The latest WikiLeaks report says the US National Security Agency spied more extensively on top French officials in an apparent bid to seek information on economic policy, exports and trade.

Jointly published by the French newspaper Liberation and the online outlet Mediapart, the allegations follow claims that French presidents were bugged.

The transparency lobby group now says two successive French finance ministers were targeted.

François Baroin who held the post in 2010 and 2011 was reportedly tapped to glean information about French policy on banking reform and oil prices ahead of world summits.

His successor Pierre Moscovici was apparently bugged talking to a senator about the poor state of the French economy and ongoing budget negotiations.

The current EU Economics Commissioner appeared aware of the claims last week, saying he was “deeply shocked” by suggestions that two elected members of the same party could not talk freely without being spied on by the Americans.

French reports say the US spy agency targeted hundreds of top French companies to seek information about tenders affecting American firms.

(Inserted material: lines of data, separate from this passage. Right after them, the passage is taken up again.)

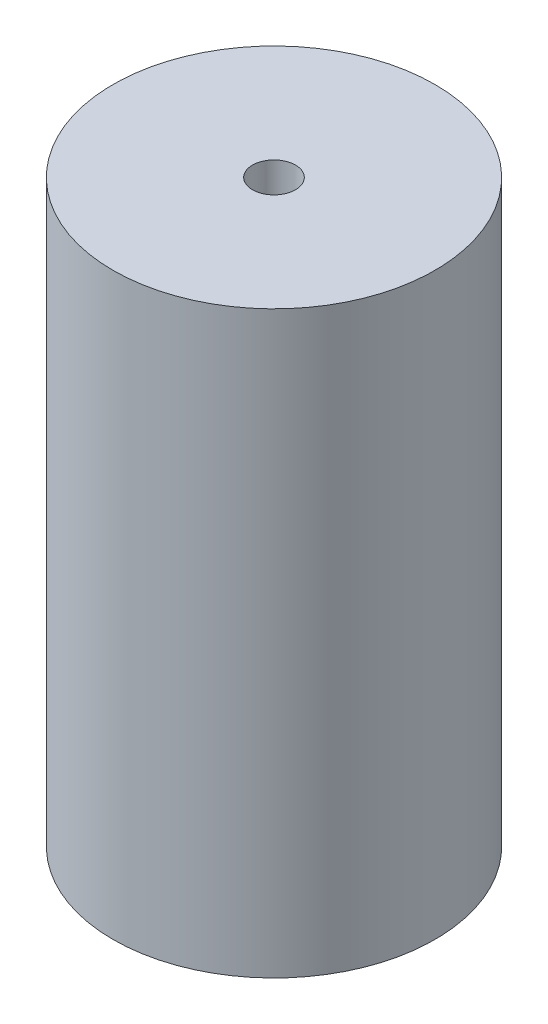
ISO-10303-21;
HEADER;
FILE_DESCRIPTION(('STEP AP214'),'2;1');
FILE_NAME('part.step','',(''),(''),'','','');
FILE_SCHEMA(('AUTOMOTIVE_DESIGN { 1 0 10303 214 1 1 1 1 }'));
ENDSEC;
DATA;
#1=APPLICATION_CONTEXT('core data for automotive mechanical design processes');
#2=APPLICATION_PROTOCOL_DEFINITION('international standard','automotive_design',2000,#1);
#3=PRODUCT_CONTEXT('',#1,'mechanical');
#4=PRODUCT('Part','Part','',(#3));
#5=PRODUCT_RELATED_PRODUCT_CATEGORY('part','',(#4));
#6=PRODUCT_DEFINITION_FORMATION('','',#4);
#7=PRODUCT_DEFINITION_CONTEXT('part definition',#1,'design');
#8=PRODUCT_DEFINITION('design','',#6,#7);
#9=PRODUCT_DEFINITION_SHAPE('','',#8);
#10=(LENGTH_UNIT() NAMED_UNIT(*) SI_UNIT(.MILLI.,.METRE.));
#11=(NAMED_UNIT(*) PLANE_ANGLE_UNIT() SI_UNIT($,.RADIAN.));
#12=(NAMED_UNIT(*) SI_UNIT($,.STERADIAN.) SOLID_ANGLE_UNIT());
#13=UNCERTAINTY_MEASURE_WITH_UNIT(LENGTH_MEASURE(1.E-05),#10,'distance_accuracy_value','');
#14=(GEOMETRIC_REPRESENTATION_CONTEXT(3) GLOBAL_UNCERTAINTY_ASSIGNED_CONTEXT((#13)) GLOBAL_UNIT_ASSIGNED_CONTEXT((#10,
#11,#12)) REPRESENTATION_CONTEXT('',''));
#15=CARTESIAN_POINT('',(0.,0.,0.));
#16=DIRECTION('',(0.,0.,1.));
#17=DIRECTION('',(1.,0.,0.));
#18=AXIS2_PLACEMENT_3D('',#15,#16,#17);
#19=CARTESIAN_POINT('',(0.,27.,0.));
#20=DIRECTION('',(0.,-1.,0.));
#21=DIRECTION('',(0.,0.,-1.));
#22=AXIS2_PLACEMENT_3D('',#19,#20,#21);
#23=CYLINDRICAL_SURFACE('',#22,7.5);
#24=CARTESIAN_POINT('',(0.,23.6,-7.5));
#25=CARTESIAN_POINT('',(-0.0887944293338554,23.5999968941954,-7.4999983570598));
#26=CARTESIAN_POINT('',(-0.177626889700681,23.5925833655204,-7.49840703800838));
#27=CARTESIAN_POINT('',(-0.352772204992272,23.563153761428,-7.49221258982039));
#28=CARTESIAN_POINT('',(-0.439083150622766,23.5411269054233,-7.48760723719598));
#29=CARTESIAN_POINT('',(-0.60662858018066,23.4831890480461,-7.47589793294748));
#30=CARTESIAN_POINT('',(-0.687868139445263,23.4472921948786,-7.46879652810656));
#31=CARTESIAN_POINT('',(-0.843167757727074,23.3626773923973,-7.45286320133509));
#32=CARTESIAN_POINT('',(-0.917228073407921,23.3139599016631,-7.4440313413038));
#33=CARTESIAN_POINT('',(-1.05720419368928,23.2042971695346,-7.42545480782523));
#34=CARTESIAN_POINT('',(-1.12299434543086,23.1431933668969,-7.41569927510424));
#35=CARTESIAN_POINT('',(-1.24347351522622,23.010833063914,-7.39645215099328));
#36=CARTESIAN_POINT('',(-1.29816158128342,22.9395756937978,-7.38696058229821));
#37=CARTESIAN_POINT('',(-1.39543277767187,22.7880094049401,-7.36920930951561));
#38=CARTESIAN_POINT('',(-1.43788322502763,22.7076135566835,-7.36096353805546));
#39=CARTESIAN_POINT('',(-1.50862340101052,22.5406246831015,-7.34679287525929));
#40=CARTESIAN_POINT('',(-1.53691473453874,22.4540323614034,-7.34086772090353));
#41=CARTESIAN_POINT('',(-1.5781204953587,22.2784683808897,-7.33211955105285));
#42=CARTESIAN_POINT('',(-1.59125680705956,22.189551074592,-7.32925182047022));
#43=CARTESIAN_POINT('',(-1.60246934089929,22.0107319558493,-7.32680881403605));
#44=CARTESIAN_POINT('',(-1.60054732105774,21.9208302595528,-7.32723315384412));
#45=CARTESIAN_POINT('',(-1.58187655808685,21.7442360444831,-7.33128581769295));
#46=CARTESIAN_POINT('',(-1.56538455643806,21.6575149158877,-7.33485865843677));
#47=CARTESIAN_POINT('',(-1.51844828834832,21.4880993483017,-7.34471814062502));
#48=CARTESIAN_POINT('',(-1.48800327344863,21.4054051255831,-7.3510049276482));
#49=CARTESIAN_POINT('',(-1.41378668233803,21.2456636265598,-7.36563922179753));
#50=CARTESIAN_POINT('',(-1.36991548636568,21.1686640952086,-7.37400204199822));
#51=CARTESIAN_POINT('',(-1.27016199217251,21.0230242867712,-7.39183660364213));
#52=CARTESIAN_POINT('',(-1.21427813244002,20.9543850982549,-7.40130848917848));
#53=CARTESIAN_POINT('',(-1.09072196751541,20.8259352460815,-7.4205326849195));
#54=CARTESIAN_POINT('',(-1.02283110172082,20.7663348821362,-7.43028675890513));
#55=CARTESIAN_POINT('',(-0.877908758701801,20.6593325863125,-7.44879883076769));
#56=CARTESIAN_POINT('',(-0.800877131200496,20.6119308550241,-7.45755681226393));
#57=CARTESIAN_POINT('',(-0.639610081827261,20.5306233249926,-7.4731161994162));
#58=CARTESIAN_POINT('',(-0.555360898326547,20.496744037718,-7.47991375438739));
#59=CARTESIAN_POINT('',(-0.382188547319413,20.4436806587957,-7.49075760800742));
#60=CARTESIAN_POINT('',(-0.293266027489786,20.4244945365341,-7.49480428682212));
#61=CARTESIAN_POINT('',(-0.115076046551738,20.4016655698161,-7.49963667143352));
#62=CARTESIAN_POINT('',(-0.0258469966592114,20.397735300314,-7.50048267119555));
#63=CARTESIAN_POINT('',(0.151992686527999,20.4047520312125,-7.49898689492793));
#64=CARTESIAN_POINT('',(0.240603359252846,20.4156980741656,-7.49664532405204));
#65=CARTESIAN_POINT('',(0.413746062380253,20.4519182252163,-7.48907546339841));
#66=CARTESIAN_POINT('',(0.498310863335301,20.4770425485252,-7.48387736587364));
#67=CARTESIAN_POINT('',(0.662026395792984,20.5407405838802,-7.47117587533623));
#68=CARTESIAN_POINT('',(0.741176681186478,20.5793154025379,-7.46367229265062));
#69=CARTESIAN_POINT('',(0.893011950773006,20.6694250746182,-7.44704294085318));
#70=CARTESIAN_POINT('',(0.965593659738485,20.7211300265148,-7.43789638159133));
#71=CARTESIAN_POINT('',(1.10115356003048,20.8358071560302,-7.41903990869546));
#72=CARTESIAN_POINT('',(1.16413056725132,20.8987807208118,-7.40932992580373));
#73=CARTESIAN_POINT('',(1.27982177561402,21.0355234396277,-7.39023419815026));
#74=CARTESIAN_POINT('',(1.33233743532724,21.1094619934081,-7.38085708289827));
#75=CARTESIAN_POINT('',(1.42420609305473,21.2652787115117,-7.36368318738415));
#76=CARTESIAN_POINT('',(1.46355965021717,21.3471565383705,-7.35588633999514));
#77=CARTESIAN_POINT('',(1.52772807228231,21.5160945750566,-7.3428278116798));
#78=CARTESIAN_POINT('',(1.55262307368944,21.6031232157705,-7.33755218632522));
#79=CARTESIAN_POINT('',(1.58740514879098,21.7802547258797,-7.33010689029808));
#80=CARTESIAN_POINT('',(1.59729448874882,21.870357128951,-7.32793675061545));
#81=CARTESIAN_POINT('',(1.60169174862619,22.0490792572769,-7.32697666157729));
#82=CARTESIAN_POINT('',(1.59651412882043,22.1376910205562,-7.32811760571581));
#83=CARTESIAN_POINT('',(1.57162478005708,22.3127486025521,-7.33349539816058));
#84=CARTESIAN_POINT('',(1.55191320540032,22.3991944442534,-7.33773221359929));
#85=CARTESIAN_POINT('',(1.49866402761735,22.5672312446234,-7.34879149338567));
#86=CARTESIAN_POINT('',(1.46517005919756,22.6488366035343,-7.35560579203591));
#87=CARTESIAN_POINT('',(1.38534516691845,22.8053170836912,-7.37105584436333));
#88=CARTESIAN_POINT('',(1.33901298148492,22.8801915425531,-7.37969177702726));
#89=CARTESIAN_POINT('',(1.23377464987916,23.0226396774495,-7.39801997202294));
#90=CARTESIAN_POINT('',(1.17464349733652,23.0900449482534,-7.40772937703983));
#91=CARTESIAN_POINT('',(1.0459443480745,23.2140795321431,-7.42699305436863));
#92=CARTESIAN_POINT('',(0.976373947694453,23.2707063566373,-7.43654729038956));
#93=CARTESIAN_POINT('',(0.827748193968452,23.3722360394568,-7.4545622712928));
#94=CARTESIAN_POINT('',(0.748587403501145,23.4169873098911,-7.46300824065792));
#95=CARTESIAN_POINT('',(0.583706040029167,23.4924789985566,-7.47770774713458));
#96=CARTESIAN_POINT('',(0.497991165498193,23.5232314299291,-7.48396316300769));
#97=CARTESIAN_POINT('',(0.343464763103908,23.5642297629138,-7.49243099511991));
#98=CARTESIAN_POINT('',(0.27550283564966,23.5776185146513,-7.4952520823403));
#99=CARTESIAN_POINT('',(0.138368271279888,23.5955046639985,-7.49903718747764));
#100=CARTESIAN_POINT('',(0.0691956833185947,23.6000024202901,-7.5000012803097));
#101=CARTESIAN_POINT('',(0.,23.6,-7.5));
#102=B_SPLINE_CURVE_WITH_KNOTS('',3,(#24,#25,#26,#27,#28,#29,#30,#31,#32,#33,#34,#35,#36,#37,
#38,#39,#40,#41,#42,#43,#44,#45,#46,#47,#48,#49,#50,#51,#52,#53,#54,#55,#56,#57,#58,#59,#60,#61,
#62,#63,#64,#65,#66,#67,#68,#69,#70,#71,#72,#73,#74,#75,#76,#77,#78,#79,#80,#81,#82,#83,#84,#85,
#86,#87,#88,#89,#90,#91,#92,#93,#94,#95,#96,#97,#98,#99,#100,#101),.UNSPECIFIED.,.T.,.F.,(4,2,2,
2,2,2,2,2,2,2,2,2,2,2,2,2,2,2,2,2,2,2,2,2,2,2,2,2,2,2,2,2,2,2,2,2,2,2,4),(0.,0.266130047854763,
0.532456644597193,0.798512286868048,1.0645584139285,1.33425388789939,1.60397247832158,
1.87651399120587,2.14902460517277,2.41749263134366,2.68592931506411,2.94972810159234,
3.21354104030559,3.47936093436642,3.74521540295248,4.01653060252532,4.28785026321979,
4.55969927797482,4.83151071607125,5.09817555204362,5.36482322613615,5.62870529395038,
5.89260907723844,6.1601236003675,6.42767107713311,6.69989324302714,6.97210384299803,
7.24279095265698,7.51343717712194,7.77847555890145,8.04351112692155,8.30771397733334,
8.57194279940303,8.84126112654219,9.1106415602667,9.38331104903345,9.65574610257701,
9.86314417471903,10.0705338798061),.UNSPECIFIED.);
#103=CARTESIAN_POINT('',(0.,23.6,-7.5));
#104=VERTEX_POINT('',#103);
#105=EDGE_CURVE('E109',#104,#104,#102,.T.);
#106=ORIENTED_EDGE('',*,*,#105,.T.);
#107=EDGE_LOOP('',(#106));
#108=FACE_BOUND('',#107,.T.);
#109=CARTESIAN_POINT('',(0.,6.6,-7.5));
#110=CARTESIAN_POINT('',(-0.0887944293338555,6.59999689419536,-7.4999983570598));
#111=CARTESIAN_POINT('',(-0.177626889700681,6.59258336552044,-7.49840703800838));
#112=CARTESIAN_POINT('',(-0.352772204992272,6.56315376142797,-7.49221258982039));
#113=CARTESIAN_POINT('',(-0.439083150622766,6.54112690542328,-7.48760723719598));
#114=CARTESIAN_POINT('',(-0.606628580180659,6.48318904804614,-7.47589793294748));
#115=CARTESIAN_POINT('',(-0.687868139445261,6.44729219487858,-7.46879652810656));
#116=CARTESIAN_POINT('',(-0.843167757727071,6.36267739239734,-7.45286320133509));
#117=CARTESIAN_POINT('',(-0.917228073407919,6.31395990166309,-7.4440313413038));
#118=CARTESIAN_POINT('',(-1.05720419368928,6.20429716953458,-7.42545480782523));
#119=CARTESIAN_POINT('',(-1.12299434543086,6.14319336689695,-7.41569927510424));
#120=CARTESIAN_POINT('',(-1.24347351522622,6.010833063914,-7.39645215099328));
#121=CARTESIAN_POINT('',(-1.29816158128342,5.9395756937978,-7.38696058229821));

WikiLeaks also claims that documents dating back to 2002 reveal that the US shared information with other Anglophone countries in its “Five Eyes” partnership: Australia, Canada, New Zealand and the United Kingdom – suggesting that the UK had benefited from US spying on its EU neighbour.

Last week WikiLeaks reported that the NSA had spied on three recent French presidents – Chirac, Sarkozy and Hollande – prompting protests from Paris.